WORK TASK
An exact reproduction of all the data is needed, with no images in it.

─── DATA TO EXAMINE

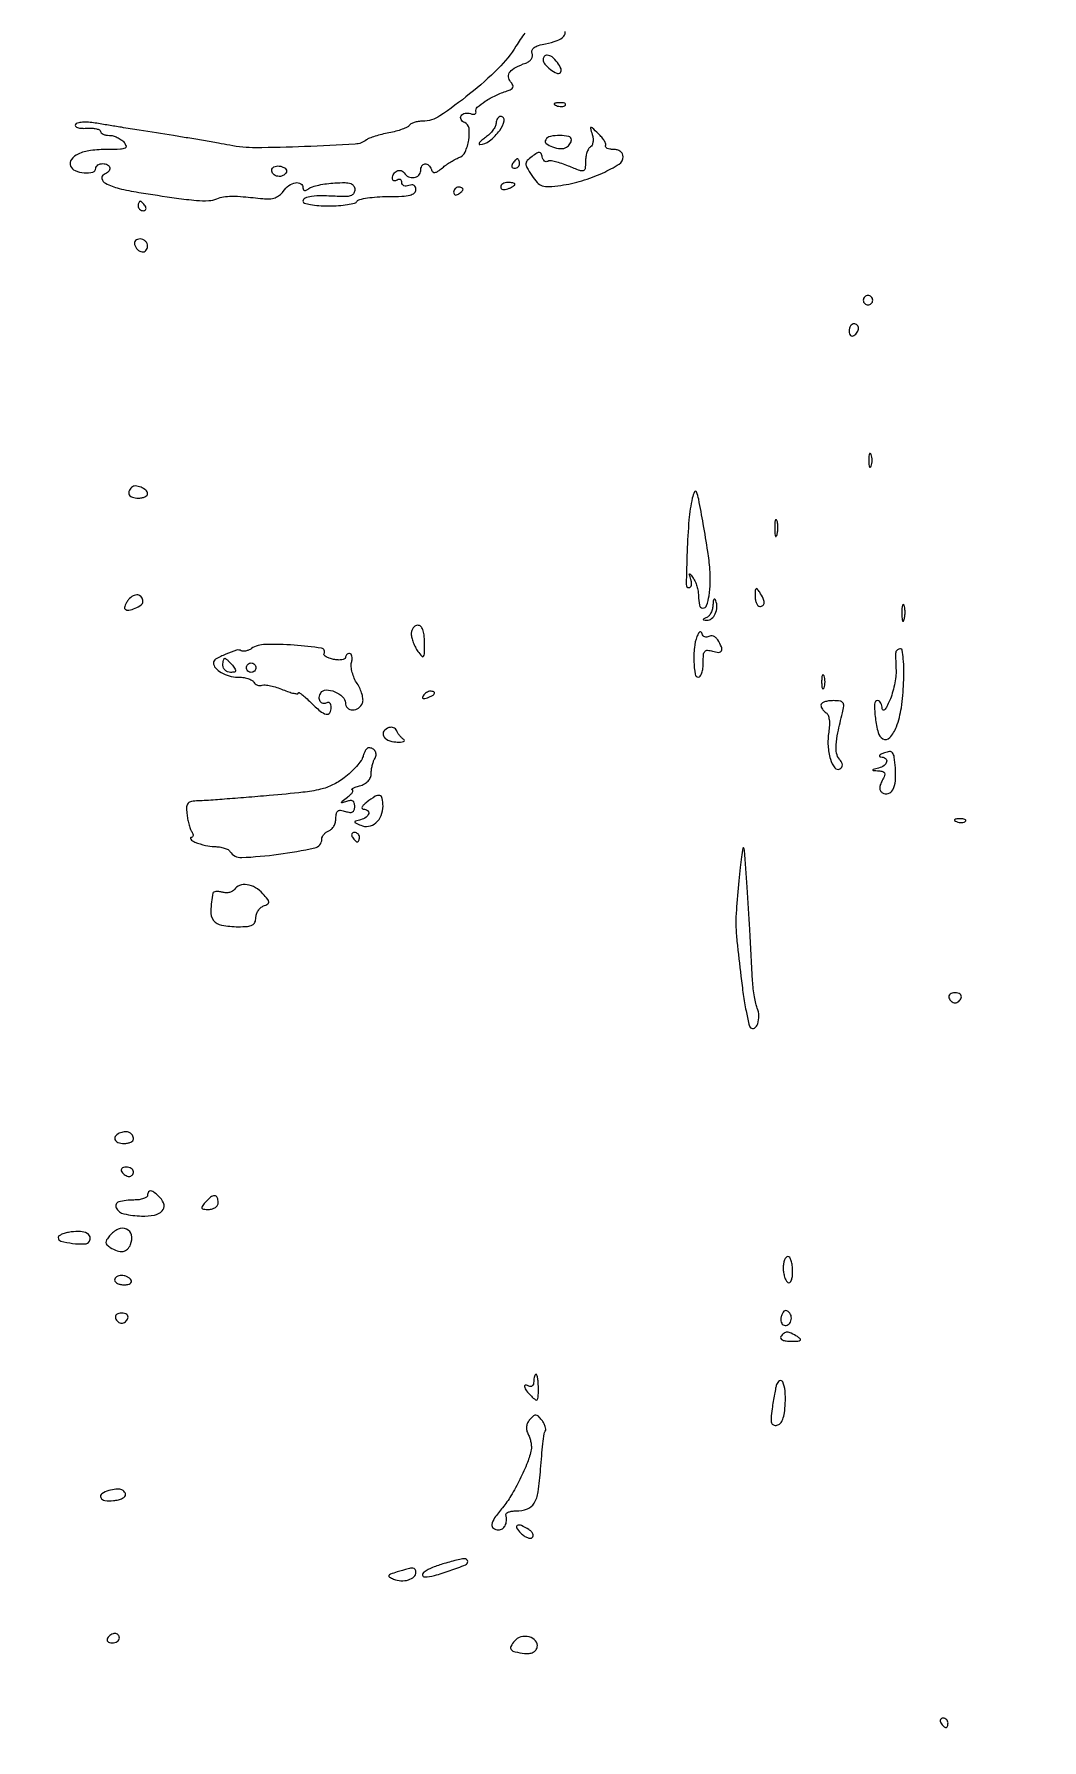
# Model space of a CAD drawing. Extents: x 0 to 4160, y 0 to 3120.
# Drawn here: x 2236.9 to 2450.9, y 1433.4 to 1795.5 of the extents above; entities that cross this region are included whole.
import ezdxf

# ---------------------------------------------------------------- set-up
doc = ezdxf.new("R2010")
doc.units = 0

msp = doc.modelspace()

# ---------------------------------------------------------------- linework, layer by layer
for points in [[(4159.499279, 606.274193, 0.000001), (4159.667734, 974.478125, 0.000057)], [(757.647081, 3119.740147, 0.000002), (520.492565, 3119.487217, 0.4139)], [(1964.75, 0.149832, 0.000016), (2717.930904, 0.232101, 0.000028), (3351.473438, 0.357111)], [(2341.142253, 1795.693902, 0.016399), (2340.159631, 1794.371479, 0.015267), (2339.241005, 1792.956147, -0.061749), (2335.506317, 1788.227774, -0.025322), (2329.393163, 1782.775648, -0.021473), (2323.057939, 1778.110468, -0.149037), (2319.415215, 1777, 0.035522), (2318.49571, 1776.934593, 0.040038), (2317.631864, 1776.73955, 0.0439), (2316.938224, 1776.454559, 0.135735), (2316.570062, 1776.113363, -0.14433), (2316.139623, 1775.727736, -0.022622), (2315.07825, 1775.280714, -0.023561), (2313.741266, 1774.857923, -0.018607), (2312.261045, 1774.523877, 0.013769), (2310.747825, 1774.197735, 0.015405), (2309.311057, 1773.799132, 0.014823), (2308.113862, 1773.387622, 0.075161), (2307.5, 1773.043639, -0.151646), (2305.077273, 1772.132263, -0.004703), (2294.335033, 1771.601165, -0.008809), (2283.994777, 1771.36974, -0.048254), (2278.43718, 1771.880659, 0.003079), (2276.052933, 1772.319326, 0.001356), (2272.894047, 1772.871597, 0.001342), (2269.541147, 1773.43916, 0.001802), (2266.5, 1773.934299, -0.000067), (2259.217145, 1775.09411, -0.000402), (2255.430635, 1775.700759, -0.000719), (2252.700824, 1776.144387, -0.000647), (2249.875595, 1776.611448, 0.026124), (2248.445013, 1776.773642, 0.035362), (2247.144392, 1776.760586, 0.038168), (2246.121294, 1776.598595, 0.198521), (2245.667475, 1776.270981, 0.332206), (2245.69777, 1775.927215, 0.132877), (2246.117864, 1775.653647, 0.064426), (2246.939626, 1775.500423, 0.02878), (2248.041881, 1775.502492, -0.026772), (2249.17552, 1775.509167, -0.043258), (2250.131053, 1775.380251, -0.054483), (2250.801869, 1775.15091, -0.290944), (2251, 1774.839235, 0.208802), (2251.140104, 1774.518367, 0.081952), (2251.551532, 1774.246525, 0.062432), (2252.158761, 1774.061584, 0.04276), (2252.877555, 1774, -0.067559), (2253.687666, 1773.890037, -0.044533), (2254.569265, 1773.559375, -0.044279), (2255.385461, 1773.074176, -0.063393), (2256, 1772.5, -0.1008), (2256.415819, 1771.723791, -0.3795), (2256.202235, 1771.263604, -0.095188), (2255.213785, 1771.041494, -0.007808), (2252.556703, 1771, 0.031376), (2248.876042, 1770.768804, 0.073284), (2246.223887, 1770.029744, 0.133594), (2244.824359, 1768.889427, 0.252121), (2244.644227, 1767.484746, 0.207704), (2245.607259, 1766.503425, 0.073873), (2247.558736, 1766.030534, 0.086029), (2249.363263, 1766.177698, 0.341907), (2250, 1767, -0.148195), (2250.115568, 1767.381354, -0.098894), (2250.440625, 1767.70625, -0.082425), (2250.926543, 1767.925306, -0.064853), (2251.5, 1768, -0.121434), (2252.513266, 1767.750227, -0.249695), (2252.960226, 1767.094158, -0.227549), (2252.681271, 1766.302588, -0.108689), (2251.75, 1765.708333, 0.381823), (2251.282306, 1764.83123, 0.216348), (2252.081681, 1763.813351, 0.058652), (2254.934274, 1762.73388, 0.022369), (2259.105532, 1761.888925, 0.002632), (2267.1322, 1760.676916, 0.01556), (2271.355099, 1760.195617, 0.029539), (2273.984297, 1760.134327, 0.092359), (2275.703543, 1760.518693, -0.060243), (2277.142586, 1760.938431, -0.03991), (2278.859518, 1761.082452, -0.023442), (2281.325816, 1760.97642, -0.005348), (2285.484163, 1760.556934, 0.042641), (2286.903499, 1760.520019, 0.071935), (2288.067547, 1760.75944, 0.081396), (2289.015751, 1761.288464, 0.072237), (2289.790867, 1762.111809, -0.084677), (2290.997508, 1763.331638, -0.110933), (2292.436672, 1763.941669, -0.187072), (2293.527047, 1763.732068, -0.258278), (2294, 1762.877555, 0.100099), (2294.084378, 1762.460308, 0.263808), (2294.317645, 1762.280809, 0.159602), (2294.701203, 1762.349231, 0.038749), (2295.25, 1762.701401, -0.088365), (2295.999304, 1763.083638, -0.020206), (2297.38125, 1763.443926, -0.020287), (2299.031278, 1763.734063, -0.018532), (2300.75, 1763.900314, -0.015361), (2302.947695, 1763.963296, -0.079226), (2304.145468, 1763.769764, -0.170454), (2304.764437, 1763.293355, -0.145299), (2305, 1762.499851, -0.124392), (2304.807034, 1761.736216, -0.163865), (2304.285405, 1761.249361, -0.095113), (2303.327038, 1761.018455, -0.025373), (2301.75, 1761.024699, 0.010038), (2298.10434, 1761.150962, 0.036517), (2295.792694, 1761.01568, 0.066208), (2294.43164, 1760.648241, 0.302472), (2294, 1760, 0.331172), (2294.290799, 1759.609106, 0.027462), (2295.598289, 1759.29375, 0.028158), (2297.35528, 1759.072152, 0.017292), (2299.440983, 1759, 0.017115), (2301.570094, 1759.072902, 0.023783), (2303.465225, 1759.29375, 0.021638), (2304.967949, 1759.60908, 0.194165), (2305.5, 1760, -0.199798), (2306.045623, 1760.391852, -0.019282), (2307.68165, 1760.70625, -0.022144), (2309.738245, 1760.927181, -0.015685), (2312.059017, 1761, 0.010971), (2315.026814, 1761.065126, 0.049656), (2316.738676, 1761.3118, 0.1081), (2317.661849, 1761.766551, 0.228277), (2318, 1762.468615, 0.094119), (2317.893789, 1763.027855, 0.166113), (2317.592642, 1763.382077, 0.151899), (2317.114961, 1763.496694, 0.075244), (2316.5, 1763.361626, -0.069008), (2315.926317, 1763.228143, -0.116977), (2315.440625, 1763.29762, -0.152575), (2315.120613, 1763.555236, -0.148627), (2315, 1763.952028, 0.095723), (2314.923227, 1764.34937, 0.173661), (2314.70625, 1764.593972, 0.171987), (2314.381563, 1764.646585, 0.093667), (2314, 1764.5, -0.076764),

──────

OUTPUT FOR THIS TASK
# Model space of a CAD drawing. Extents: x 0 to 4160, y 0 to 3120.
# Drawn here: x 2236.9 to 2450.9, y 1433.4 to 1795.5 of the extents above; entities that cross this region are included whole.
import ezdxf

# ---------------------------------------------------------------- set-up
doc = ezdxf.new("R2010")
doc.units = 0

msp = doc.modelspace()

# ---------------------------------------------------------------- linework, layer by layer
for points in [[(4159.499279, 606.274193, 0.000001), (4159.667734, 974.478125, 0.000057)], [(757.647081, 3119.740147, 0.000002), (520.492565, 3119.487217, 0.4139)], [(1964.75, 0.149832, 0.000016), (2717.930904, 0.232101, 0.000028), (3351.473438, 0.357111)], [(2341.142253, 1795.693902, 0.016399), (2340.159631, 1794.371479, 0.015267), (2339.241005, 1792.956147, -0.061749), (2335.506317, 1788.227774, -0.025322), (2329.393163, 1782.775648, -0.021473), (2323.057939, 1778.110468, -0.149037), (2319.415215, 1777, 0.035522), (2318.49571, 1776.934593, 0.040038), (2317.631864, 1776.73955, 0.0439), (2316.938224, 1776.454559, 0.135735), (2316.570062, 1776.113363, -0.14433), (2316.139623, 1775.727736, -0.022622), (2315.07825, 1775.280714, -0.023561), (2313.741266, 1774.857923, -0.018607), (2312.261045, 1774.523877, 0.013769), (2310.747825, 1774.197735, 0.015405), (2309.311057, 1773.799132, 0.014823), (2308.113862, 1773.387622, 0.075161), (2307.5, 1773.043639, -0.151646), (2305.077273, 1772.132263, -0.004703), (2294.335033, 1771.601165, -0.008809), (2283.994777, 1771.36974, -0.048254), (2278.43718, 1771.880659, 0.003079), (2276.052933, 1772.319326, 0.001356), (2272.894047, 1772.871597, 0.001342), (2269.541147, 1773.43916, 0.001802), (2266.5, 1773.934299, -0.000067), (2259.217145, 1775.09411, -0.000402), (2255.430635, 1775.700759, -0.000719), (2252.700824, 1776.144387, -0.000647), (2249.875595, 1776.611448, 0.026124), (2248.445013, 1776.773642, 0.035362), (2247.144392, 1776.760586, 0.038168), (2246.121294, 1776.598595, 0.198521), (2245.667475, 1776.270981, 0.332206), (2245.69777, 1775.927215, 0.132877), (2246.117864, 1775.653647, 0.064426), (2246.939626, 1775.500423, 0.02878), (2248.041881, 1775.502492, -0.026772), (2249.17552, 1775.509167, -0.043258), (2250.131053, 1775.380251, -0.054483), (2250.801869, 1775.15091, -0.290944), (2251, 1774.839235, 0.208802), (2251.140104, 1774.518367, 0.081952), (2251.551532, 1774.246525, 0.062432), (2252.158761, 1774.061584, 0.04276), (2252.877555, 1774, -0.067559), (2253.687666, 1773.890037, -0.044533), (2254.569265, 1773.559375, -0.044279), (2255.385461, 1773.074176, -0.063393), (2256, 1772.5, -0.1008), (2256.415819, 1771.723791, -0.3795), (2256.202235, 1771.263604, -0.095188), (2255.213785, 1771.041494, -0.007808), (2252.556703, 1771, 0.031376), (2248.876042, 1770.768804, 0.073284), (2246.223887, 1770.029744, 0.133594), (2244.824359, 1768.889427, 0.252121), (2244.644227, 1767.484746, 0.207704), (2245.607259, 1766.503425, 0.073873), (2247.558736, 1766.030534, 0.086029), (2249.363263, 1766.177698, 0.341907), (2250, 1767, -0.148195), (2250.115568, 1767.381354, -0.098894), (2250.440625, 1767.70625, -0.082425), (2250.926543, 1767.925306, -0.064853), (2251.5, 1768, -0.121434), (2252.513266, 1767.750227, -0.249695), (2252.960226, 1767.094158, -0.227549), (2252.681271, 1766.302588, -0.108689), (2251.75, 1765.708333, 0.381823), (2251.282306, 1764.83123, 0.216348), (2252.081681, 1763.813351, 0.058652), (2254.934274, 1762.73388, 0.022369), (2259.105532, 1761.888925, 0.002632), (2267.1322, 1760.676916, 0.01556), (2271.355099, 1760.195617, 0.029539), (2273.984297, 1760.134327, 0.092359), (2275.703543, 1760.518693, -0.060243), (2277.142586, 1760.938431, -0.03991), (2278.859518, 1761.082452, -0.023442), (2281.325816, 1760.97642, -0.005348), (2285.484163, 1760.556934, 0.042641), (2286.903499, 1760.520019, 0.071935), (2288.067547, 1760.75944, 0.081396), (2289.015751, 1761.288464, 0.072237), (2289.790867, 1762.111809, -0.084677), (2290.997508, 1763.331638, -0.110933), (2292.436672, 1763.941669, -0.187072), (2293.527047, 1763.732068, -0.258278), (2294, 1762.877555, 0.100099), (2294.084378, 1762.460308, 0.263808), (2294.317645, 1762.280809, 0.159602), (2294.701203, 1762.349231, 0.038749), (2295.25, 1762.701401, -0.088365), (2295.999304, 1763.083638, -0.020206), (2297.38125, 1763.443926, -0.020287), (2299.031278, 1763.734063, -0.018532), (2300.75, 1763.900314, -0.015361), (2302.947695, 1763.963296, -0.079226), (2304.145468, 1763.769764, -0.170454), (2304.764437, 1763.293355, -0.145299), (2305, 1762.499851, -0.124392), (2304.807034, 1761.736216, -0.163865), (2304.285405, 1761.249361, -0.095113), (2303.327038, 1761.018455, -0.025373), (2301.75, 1761.024699, 0.010038), (2298.10434, 1761.150962, 0.036517), (2295.792694, 1761.01568, 0.066208), (2294.43164, 1760.648241, 0.302472), (2294, 1760, 0.331172), (2294.290799, 1759.609106, 0.027462), (2295.598289, 1759.29375, 0.028158), (2297.35528, 1759.072152, 0.017292), (2299.440983, 1759, 0.017115), (2301.570094, 1759.072902, 0.023783), (2303.465225, 1759.29375, 0.021638), (2304.967949, 1759.60908, 0.194165), (2305.5, 1760, -0.199798), (2306.045623, 1760.391852, -0.019282), (2307.68165, 1760.70625, -0.022144), (2309.738245, 1760.927181, -0.015685), (2312.059017, 1761, 0.010971), (2315.026814, 1761.065126, 0.049656), (2316.738676, 1761.3118, 0.1081), (2317.661849, 1761.766551, 0.228277), (2318, 1762.468615, 0.094119), (2317.893789, 1763.027855, 0.166113), (2317.592642, 1763.382077, 0.151899), (2317.114961, 1763.496694, 0.075244), (2316.5, 1763.361626, -0.069008), (2315.926317, 1763.228143, -0.116977), (2315.440625, 1763.29762, -0.152575), (2315.120613, 1763.555236, -0.148627), (2315, 1763.952028, 0.095723), (2314.923227, 1764.34937, 0.173661), (2314.70625, 1764.593972, 0.171987), (2314.381563, 1764.646585, 0.093667), (2314, 1764.5, -0.076764),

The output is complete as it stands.